Don Knotts Biography

A look at the life and career of a comedic genius. From his portrayals of Barney Fife to Mr. Limpet, Don Knotts had few equals in the entertainment industry.

Few television actors enjoy a greater fan-base or name recognition than Don Knotts, and most everyone knows of his portrayal of the inept but loveable deputy Barney Fife on the "Andy Griffith Show." From 1960-1965, Knotts gave the world a true "anti-hero," and the world embraced that character. But few know that Don had many other acting triumphs in a career that spanned nearly 60 years.

Jesse Donald Knotts was born on July 21, 1924, in Morgantown, West Virginia. True to most of his television and movie personas, Don was a shy and somewhat introverted child, prone to illness and episodes of depression. He was also bitten by the "acting bug" at an early age, and through this medium, grew in both confidence and self reliance. By the time Don was in high school, he had created a ventriloquist act, with his "dummy partner" Danny.

At the age of 19, with an interest in acting but with no real prospects, Don enlisted in the army. Upon his separation from the service, Don decided to give radio a try, and a year later, he auditioned for a local theater company. In the mid 1950s, Don landed a small but significant role in a Broadway production entitled "No time for Sergeants" with Andy Griffith. In 1958, he raised his sights, auditioned for the movie version of the play, and easily landed the part. The movie proved to be a major "career vehicle" for Andy Griffith, and he cashed in on his success by creating the role of Sheriff Andy Taylor for an upcoming television show. Griffith quickly recruited Don for a regular spot on the program. "The Andy Griffith Show" launched in 1960 and immediately became a hit. Throughout the show's run, Don played an intricate part of the its success and garnered 5 Emmys for his work.
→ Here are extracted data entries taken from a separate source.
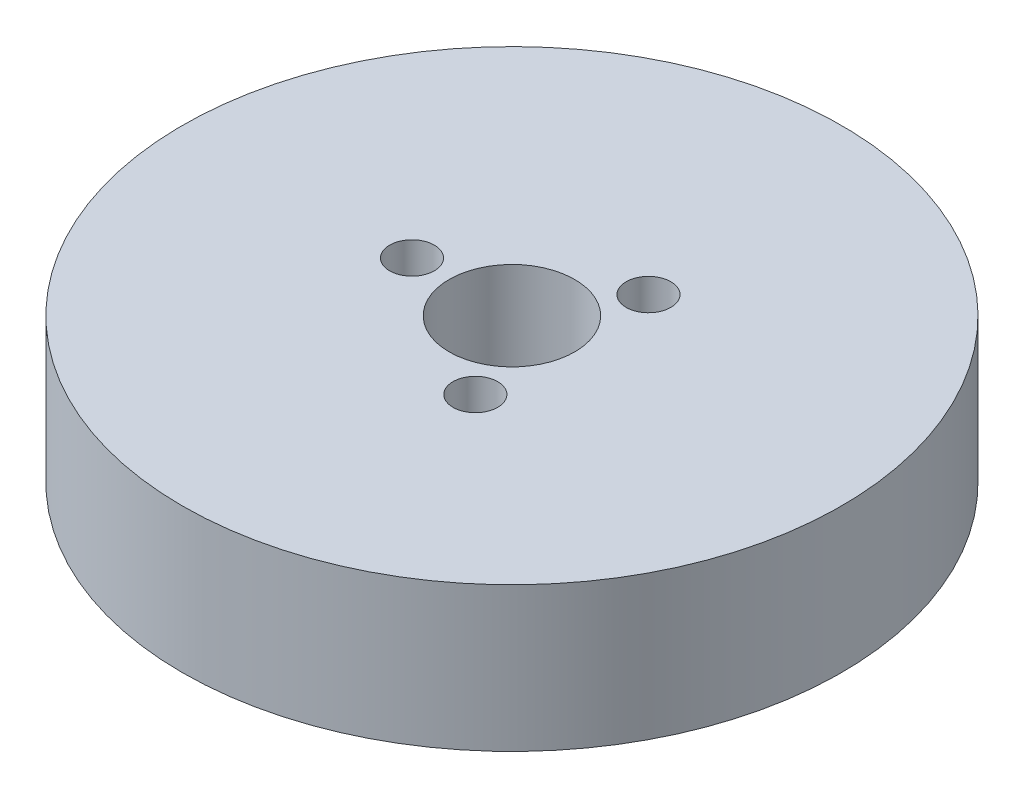
ISO-10303-21;
HEADER;
FILE_DESCRIPTION(('STEP AP214'),'2;1');
FILE_NAME('part.step','',(''),(''),'','','');
FILE_SCHEMA(('AUTOMOTIVE_DESIGN { 1 0 10303 214 1 1 1 1 }'));
ENDSEC;
DATA;
#1=APPLICATION_CONTEXT('core data for automotive mechanical design processes');
#2=APPLICATION_PROTOCOL_DEFINITION('international standard','automotive_design',2000,#1);
#3=PRODUCT_CONTEXT('',#1,'mechanical');
#4=PRODUCT('Part','Part','',(#3));
#5=PRODUCT_RELATED_PRODUCT_CATEGORY('part','',(#4));
#6=PRODUCT_DEFINITION_FORMATION('','',#4);
#7=PRODUCT_DEFINITION_CONTEXT('part definition',#1,'design');
#8=PRODUCT_DEFINITION('design','',#6,#7);
#9=PRODUCT_DEFINITION_SHAPE('','',#8);
#10=(LENGTH_UNIT() NAMED_UNIT(*) SI_UNIT(.MILLI.,.METRE.));
#11=(NAMED_UNIT(*) PLANE_ANGLE_UNIT() SI_UNIT($,.RADIAN.));
#12=(NAMED_UNIT(*) SI_UNIT($,.STERADIAN.) SOLID_ANGLE_UNIT());
#13=UNCERTAINTY_MEASURE_WITH_UNIT(LENGTH_MEASURE(1.E-05),#10,'distance_accuracy_value','');
#14=(GEOMETRIC_REPRESENTATION_CONTEXT(3) GLOBAL_UNCERTAINTY_ASSIGNED_CONTEXT((#13)) GLOBAL_UNIT_ASSIGNED_CONTEXT((#10,
#11,#12)) REPRESENTATION_CONTEXT('',''));
#15=CARTESIAN_POINT('',(0.,0.,0.));
#16=DIRECTION('',(0.,0.,1.));
#17=DIRECTION('',(1.,0.,0.));
#18=AXIS2_PLACEMENT_3D('',#15,#16,#17);
#19=CARTESIAN_POINT('',(0.,23.,0.));
#20=DIRECTION('',(0.,-1.,0.));
#21=DIRECTION('',(0.,0.,-1.));
#22=AXIS2_PLACEMENT_3D('',#19,#20,#21);
#23=CYLINDRICAL_SURFACE('',#22,52.5);
#24=CARTESIAN_POINT('',(0.,23.,0.));
#25=DIRECTION('',(0.,1.,0.));
#26=DIRECTION('',(0.,0.,1.));
#27=AXIS2_PLACEMENT_3D('',#24,#25,#26);
#28=CIRCLE('',#27,52.5);
#29=CARTESIAN_POINT('',(0.,23.,52.5));
#30=VERTEX_POINT('',#29);
#31=EDGE_CURVE('E10',#30,#30,#28,.T.);
#32=ORIENTED_EDGE('',*,*,#31,.F.);
#33=EDGE_LOOP('',(#32));
#34=FACE_BOUND('',#33,.T.);
#35=CARTESIAN_POINT('',(0.,0.,0.));
#36=DIRECTION('',(0.,1.,0.));
#37=DIRECTION('',(0.,0.,1.));
#38=AXIS2_PLACEMENT_3D('',#35,#36,#37);
#39=CIRCLE('',#38,52.5);
#40=CARTESIAN_POINT('',(0.,0.,52.5));
#41=VERTEX_POINT('',#40);
#42=EDGE_CURVE('E37',#41,#41,#39,.T.);
#43=ORIENTED_EDGE('',*,*,#42,.T.);
#44=EDGE_LOOP('',(#43));
#45=FACE_BOUND('',#44,.T.);
#46=ADVANCED_FACE('F40',(#34,#45),#23,.T.);
#47=CARTESIAN_POINT('',(0.,23.,0.));
#48=DIRECTION('',(0.,1.,0.));
#49=DIRECTION('',(0.,0.,1.));
#50=AXIS2_PLACEMENT_3D('',#47,#48,#49);
#51=PLANE('',#50);
#52=CARTESIAN_POINT('',(7.96122141789448,23.,13.7892399860986));
#53=DIRECTION('',(0.,1.,0.));
#54=DIRECTION('',(0.866025403784436,0.,-0.500000000000004));
#55=AXIS2_PLACEMENT_3D('',#52,#53,#54);
#56=CIRCLE('',#55,3.55602050568075);
#57=CARTESIAN_POINT('',(7.96122141789448,23.,17.3452604917794));
#58=VERTEX_POINT('',#57);
#59=EDGE_CURVE('E70',#58,#58,#56,.T.);
#60=ORIENTED_EDGE('',*,*,#59,.F.);
#61=EDGE_LOOP('',(#60));
#62=FACE_BOUND('',#61,.T.);
#63=CARTESIAN_POINT('',(7.96122141789428,23.,-13.7892399860987));
#64=DIRECTION('',(0.,1.,0.));
#65=DIRECTION('',(-0.866025403784443,0.,-0.499999999999992));
#66=AXIS2_PLACEMENT_3D('',#63,#64,#65);
#67=CIRCLE('',#66,3.55602050568075);
#68=CARTESIAN_POINT('',(7.96122141789428,23.,-10.233219480418));
#69=VERTEX_POINT('',#68);
#70=EDGE_CURVE('E61',#69,#69,#67,.T.);
#71=ORIENTED_EDGE('',*,*,#70,.F.);
#72=EDGE_LOOP('',(#71));
#73=FACE_BOUND('',#72,.T.);
#74=CARTESIAN_POINT('',(-15.9224428357888,23.,0.));
#75=DIRECTION('',(0.,1.,0.));
#76=DIRECTION('',(0.,0.,1.));
#77=AXIS2_PLACEMENT_3D('',#74,#75,#76);
#78=CIRCLE('',#77,3.55602050568075);
#79=CARTESIAN_POINT('',(-15.9224428357888,23.,3.55602050568075));
#80=VERTEX_POINT('',#79);
#81=EDGE_CURVE('E54',#80,#80,#78,.T.);
#82=ORIENTED_EDGE('',*,*,#81,.F.);
#83=EDGE_LOOP('',(#82));
#84=FACE_BOUND('',#83,.T.);
#85=CARTESIAN_POINT('',(0.,23.,0.));
#86=DIRECTION('',(0.,1.,0.));
#87=DIRECTION('',(0.,0.,1.));
#88=AXIS2_PLACEMENT_3D('',#85,#86,#87);
#89=CIRCLE('',#88,10.);
#90=CARTESIAN_POINT('',(0.,23.,10.));
#91=VERTEX_POINT('',#90);
#92=EDGE_CURVE('E50',#91,#91,#89,.T.);
#93=ORIENTED_EDGE('',*,*,#92,.F.);
#94=EDGE_LOOP('',(#93));
#95=FACE_BOUND('',#94,.T.);
#96=ORIENTED_EDGE('',*,*,#31,.T.);
#97=EDGE_LOOP('',(#96));
#98=FACE_BOUND('',#97,.T.);
#99=ADVANCED_FACE('F85',(#62,#73,#84,#95,#98),#51,.T.);
#100=CARTESIAN_POINT('',(0.,0.,0.));
#101=DIRECTION('',(0.,1.,0.));
#102=DIRECTION('',(0.,0.,1.));
#103=AXIS2_PLACEMENT_3D('',#100,#101,#102);
#104=PLANE('',#103);
#105=CARTESIAN_POINT('',(0.,0.,0.));
#106=DIRECTION('',(0.,1.,0.));
#107=DIRECTION('',(0.,0.,1.));
#108=AXIS2_PLACEMENT_3D('',#105,#106,#107);
#109=CIRCLE('',#108,10.);
#110=CARTESIAN_POINT('',(0.,0.,10.));
#111=VERTEX_POINT('',#110);
#112=EDGE_CURVE('E47',#111,#111,#109,.T.);
#113=ORIENTED_EDGE('',*,*,#112,.T.);
#114=EDGE_LOOP('',(#113));
#115=FACE_BOUND('',#114,.T.);
#116=ORIENTED_EDGE('',*,*,#42,.F.);
#117=EDGE_LOOP('',(#116));
#118=FACE_BOUND('',#117,.T.);
#119=ADVANCED_FACE('F84',(#115,#118),#104,.F.);
#120=CARTESIAN_POINT('',(0.,23.,0.));
#121=DIRECTION('',(0.,-1.,0.));
#122=DIRECTION('',(0.,0.,-1.));
#123=AXIS2_PLACEMENT_3D('',#120,#121,#122);
#124=CYLINDRICAL_SURFACE('',#123,10.);
#125=ORIENTED_EDGE('',*,*,#92,.T.);
#126=EDGE_LOOP('',(#125));
#127=FACE_BOUND('',#126,.T.);
#128=ORIENTED_EDGE('',*,*,#112,.F.);
#129=EDGE_LOOP('',(#128));
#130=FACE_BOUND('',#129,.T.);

Drawing on a vast reserve of comedic genius, Don parlayed his "supporting actor" status into major stardom. He displayed a true gift for portraying the nervous, hypertensive fall guy, and the motion picture industry was quick to take advantage of the fact. In 1964, Don debuted in his first starring role in a picture called, "The Incredible Mr. Limpet." This was followed by a string of pictures, including "The Ghost and Mr. Chicken" (1966), "The Reluctant Astronaut" (1967), "The Shakiest Gun in the West "(1968 remake of a Bob Hope classic), an "adult comedy" feature entitled "The Love God" (1969), and "How to Frame a Figg" (1971). During this run of successful movies, Don was signed by a major television network to host his own variety show. The show aired in 1970 and had a limited run of 24 episodes.

In 1975, Don signed with Disney and made a string of films, including "Herbie Goes to Monte Carlo," and a pair of highly successful projects with Tim Conway, entitled "The Apple Dumpling Gang" and "The Apple Dumpling Gang Rides, Again." He teamed with Conway again in two non-Disney films, "The Prize Fighter" and "The Private Eyes." In all, Don made 41 films and elevated the role of the "inept, nervous type" to an art form.

In 1979, Don returned to television with a stint on the ABC sitcom "Three's Company." Again, he played an accident prone, neurotic, "sidekick" character. The show enjoyed a successful run until 1984. It was in 1984 that Don recreated the role of the inept lawman in the movie "Cannonball Run II." In the 1980s, Don teamed again with Andy Griffith in several episodes of "Matlock."

Although Don's storied career was nothing short of incredible, his private life was somewhat less than blessed. Don married the beautiful Kathryn Metz in 1947. The marriage produced two children, Karen and Thomas. Contrary to Don's on-screen image, he was considered somewhat of a ladies' man in Hollywood and was often seen in the company of beautiful starlets at various parties. His marriage to Kathryn ended in divorce in 1964 and people who claimed "inside information" cited Don's flamboyant lifestyle as the primary reason.

Don spent the next few years enjoying his success, both on and off screen and eventually remarried in 1974 to Loralee Czuchna. The marriage lasted 9 years although the reasons for the divorce were allegedly far different this time. It was rumored that Don had become obsessive regarding his health and was prone to debilitating episodes of depression. His number of public appearances also dropped dramatically during this period of his life. Don made a rare public appearance in 2000 at an antique show in his native West Virginia. For several hours, he signed autographs and posed for photos with the crowd. Throughout the afternoon, people stood in line, some as long as two hours, just to get Don's autograph.